## [Listed entries]
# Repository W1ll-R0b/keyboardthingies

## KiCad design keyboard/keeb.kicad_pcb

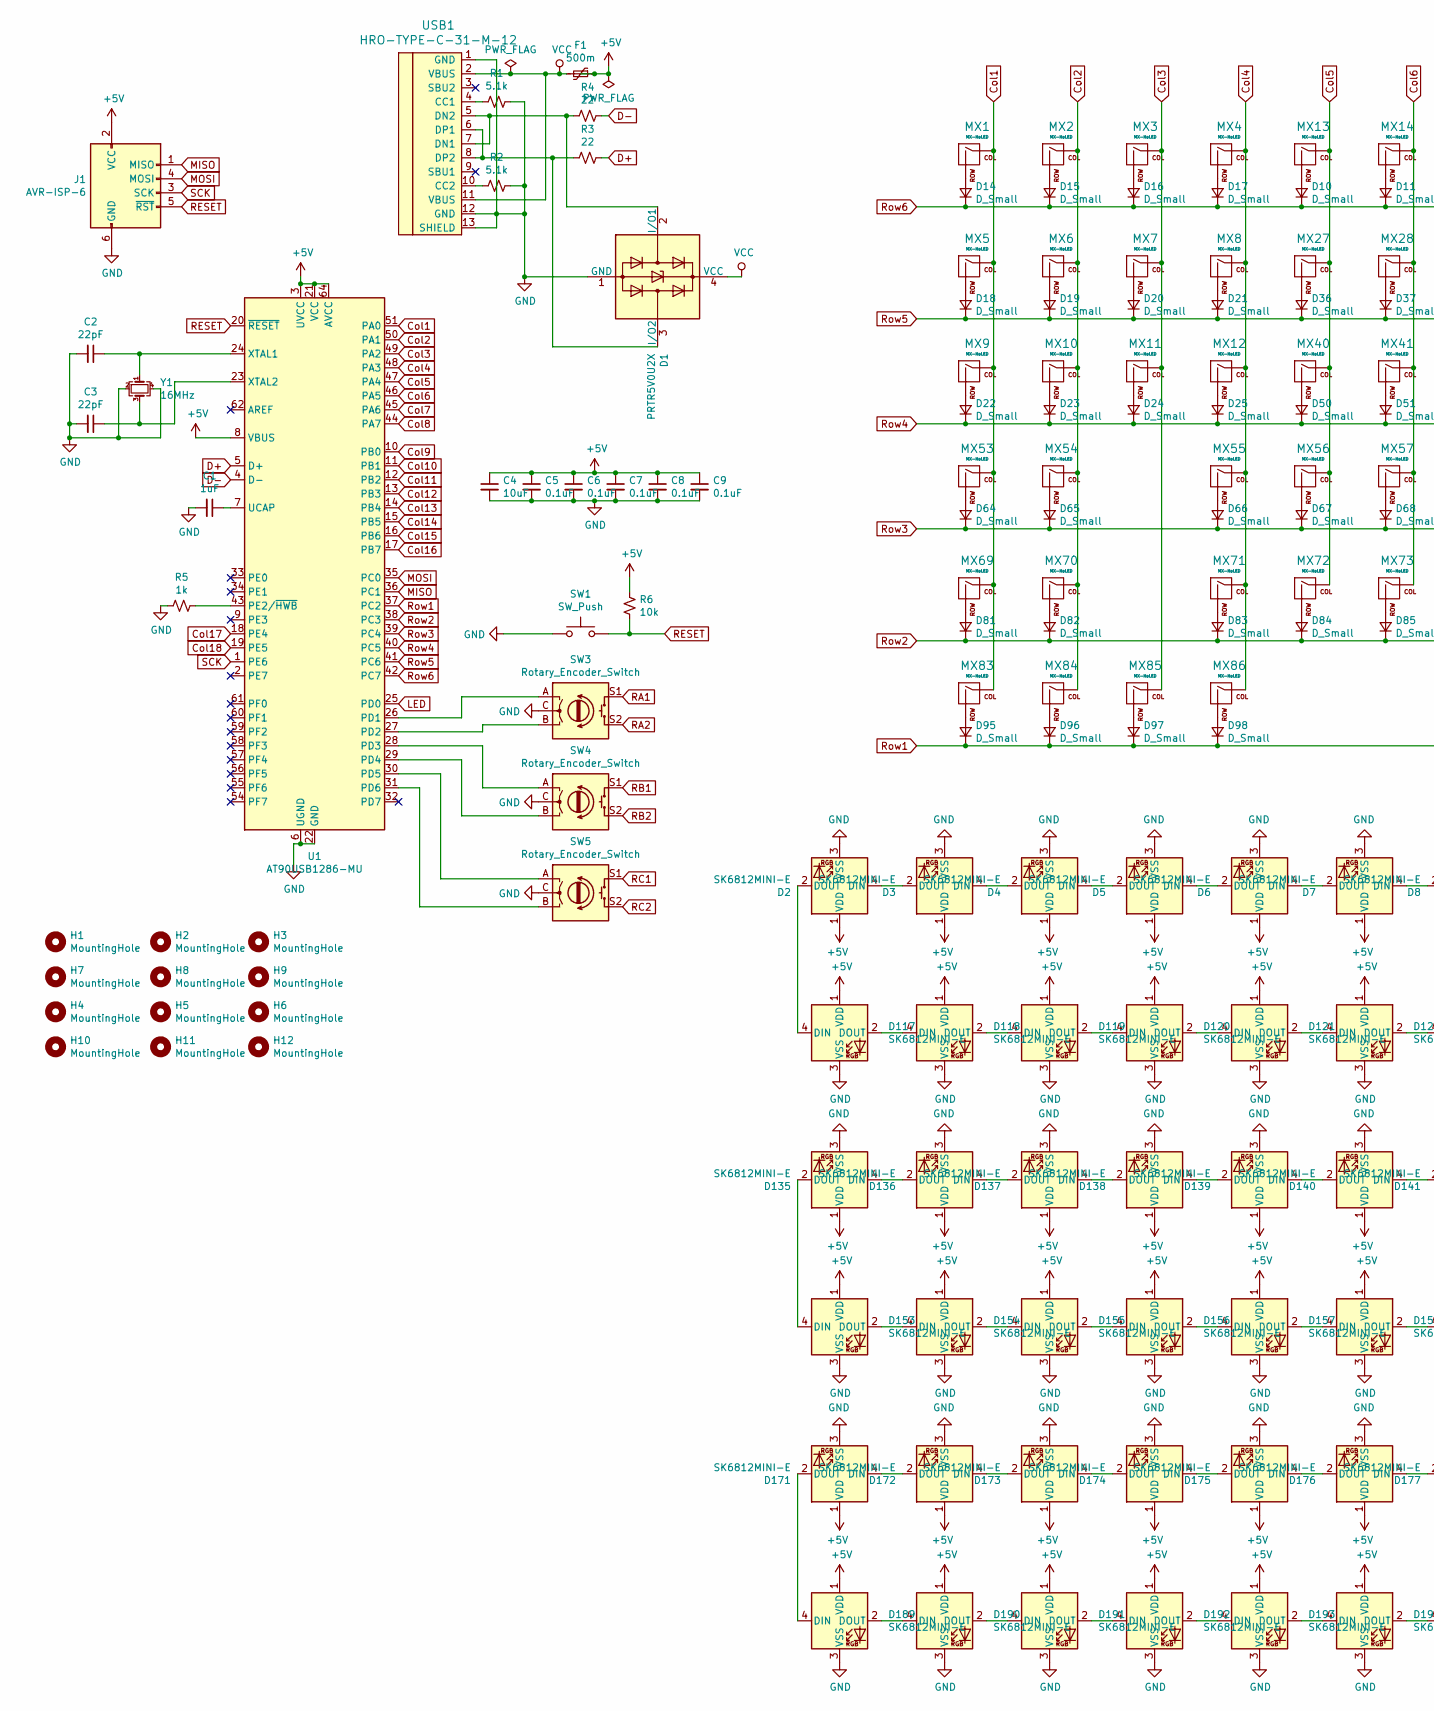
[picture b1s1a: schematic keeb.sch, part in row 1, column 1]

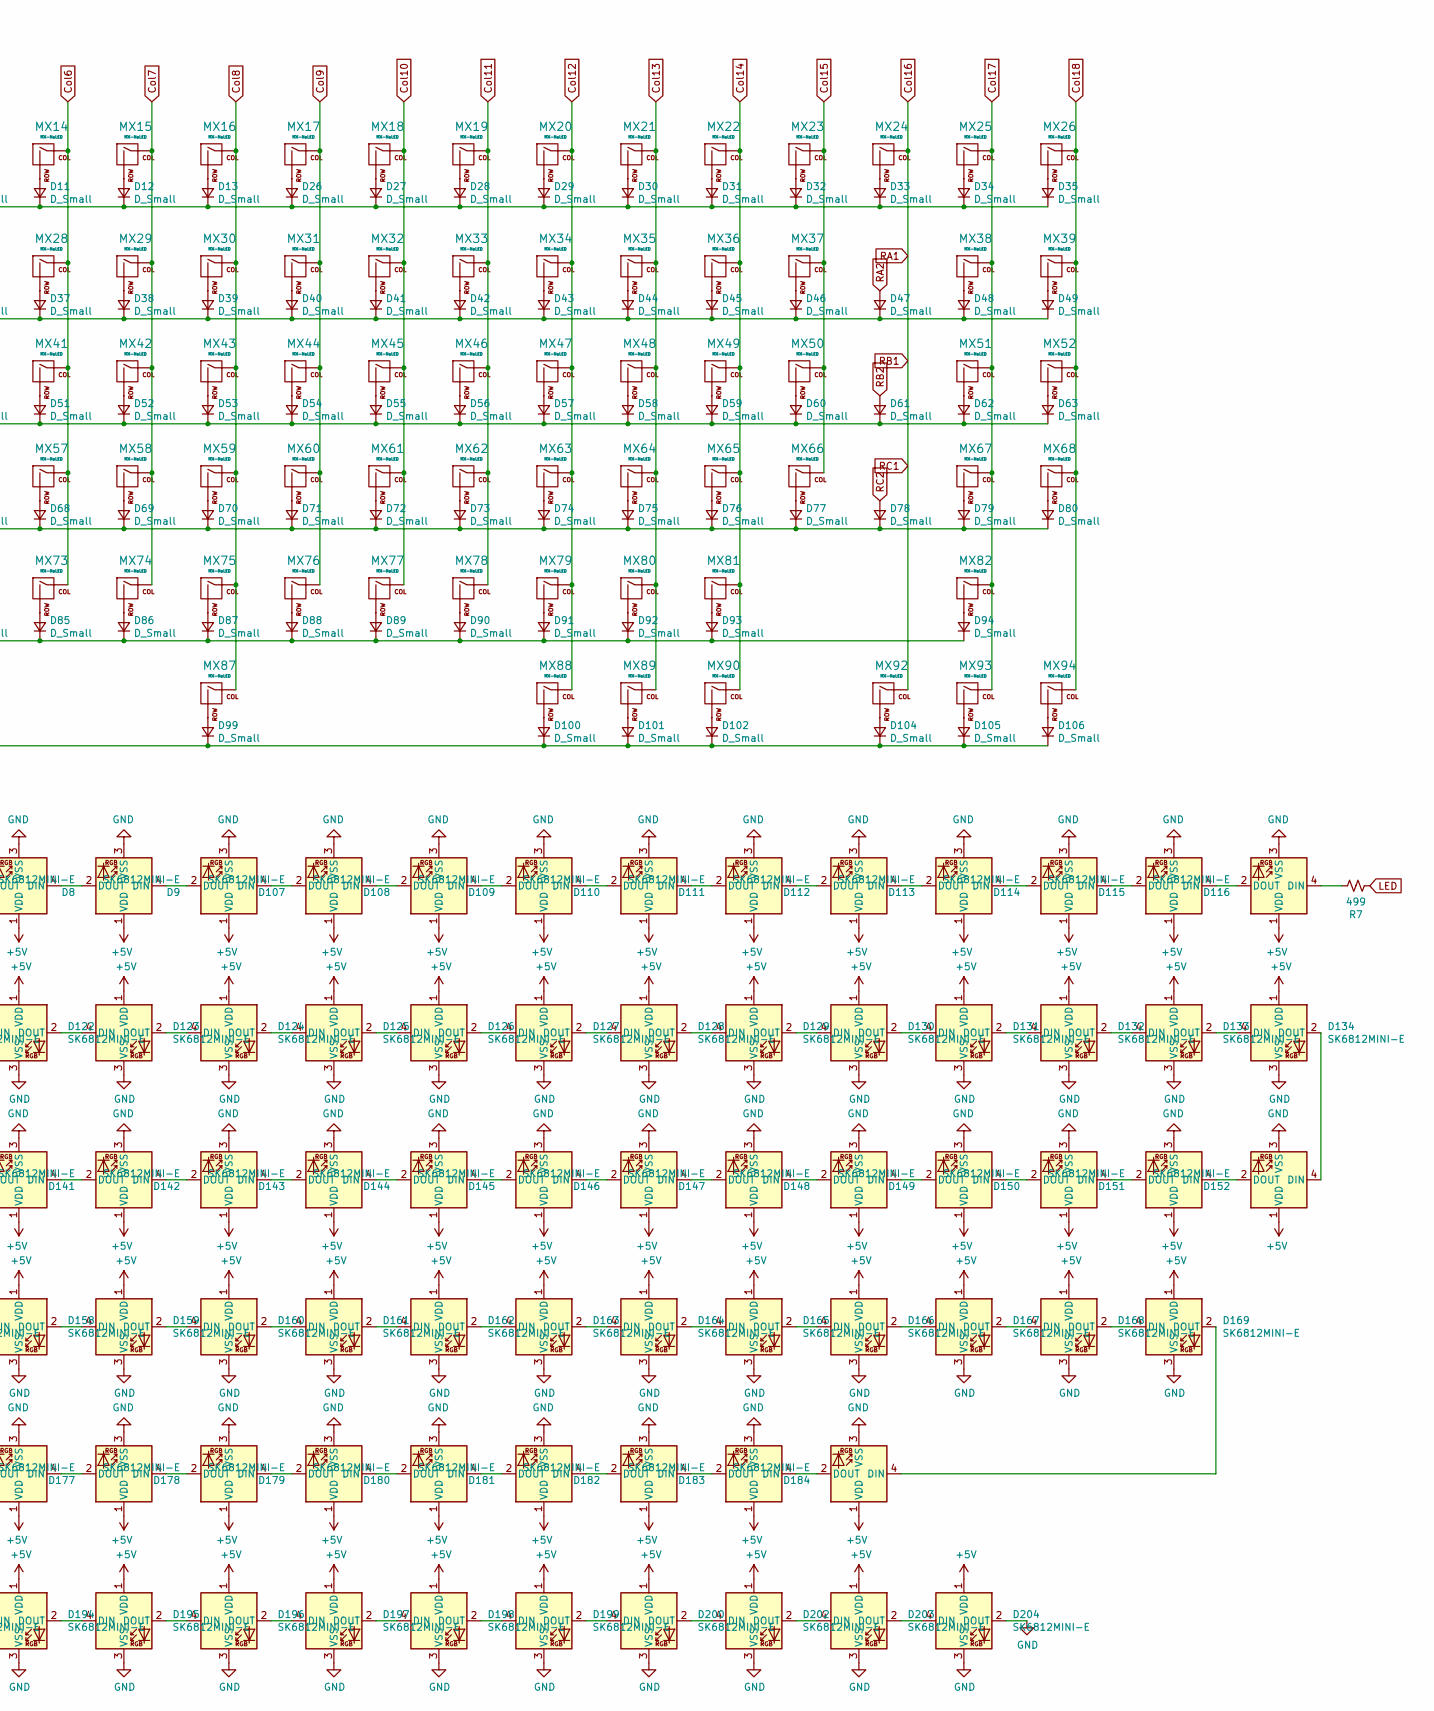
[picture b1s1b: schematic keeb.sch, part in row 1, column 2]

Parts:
C1: 1uF; C_0805_2012Metric
C2, C3: 22pF; C_0805_2012Metric
C4: 10uF; C_0805_2012Metric
C5, C6, C7, C8, C9: 0.1uF; C_0805_2012Metric
D1: PRTR5V0U2X; SOT-143
D2, D3, D4, D5, D6, D7, D8, D9, D107, D108, D109, D110, D111, D112, D113, D114, D115, D116, D117, D118, D119, D120, D121, D122, D123, D124, D125, D126, D127, D128, D129, D130, D131, D132, D133, D134, D135, D136, D137, D138, D139, D140, D141, D142, D143, D144, D145, D146, D147, D148, D149, D150, D151, D152, D153, D154, D155, D156, D157, D158, D159, D160, D161, D162, D163, D164, D165, D166, D167, D168, D169, D171, D172, D173, D174, D175, D176, D177, D178, D179, D180, D181, D182, D183, D184, D189, D190, D191, D192, D193, D194, D195, D196, D197, D198, D199, D200, D202, D203, D204: SK6812MINI-E; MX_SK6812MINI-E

## [Work instructions]
Every line above should be duplicated exactly; the pictures are to be left out.

## [Your solution]
# Repository W1ll-R0b/keyboardthingies

## KiCad design keyboard/keeb.kicad_pcb

[picture b1s1a: schematic keeb.sch, part in row 1, column 1]

[picture b1s1b: schematic keeb.sch, part in row 1, column 2]

Parts:
C1: 1uF; C_0805_2012Metric
C2, C3: 22pF; C_0805_2012Metric
C4: 10uF; C_0805_2012Metric
C5, C6, C7, C8, C9: 0.1uF; C_0805_2012Metric
D1: PRTR5V0U2X; SOT-143
D2, D3, D4, D5, D6, D7, D8, D9, D107, D108, D109, D110, D111, D112, D113, D114, D115, D116, D117, D118, D119, D120, D121, D122, D123, D124, D125, D126, D127, D128, D129, D130, D131, D132, D133, D134, D135, D136, D137, D138, D139, D140, D141, D142, D143, D144, D145, D146, D147, D148, D149, D150, D151, D152, D153, D154, D155, D156, D157, D158, D159, D160, D161, D162, D163, D164, D165, D166, D167, D168, D169, D171, D172, D173, D174, D175, D176, D177, D178, D179, D180, D181, D182, D183, D184, D189, D190, D191, D192, D193, D194, D195, D196, D197, D198, D199, D200, D202, D203, D204: SK6812MINI-E; MX_SK6812MINI-E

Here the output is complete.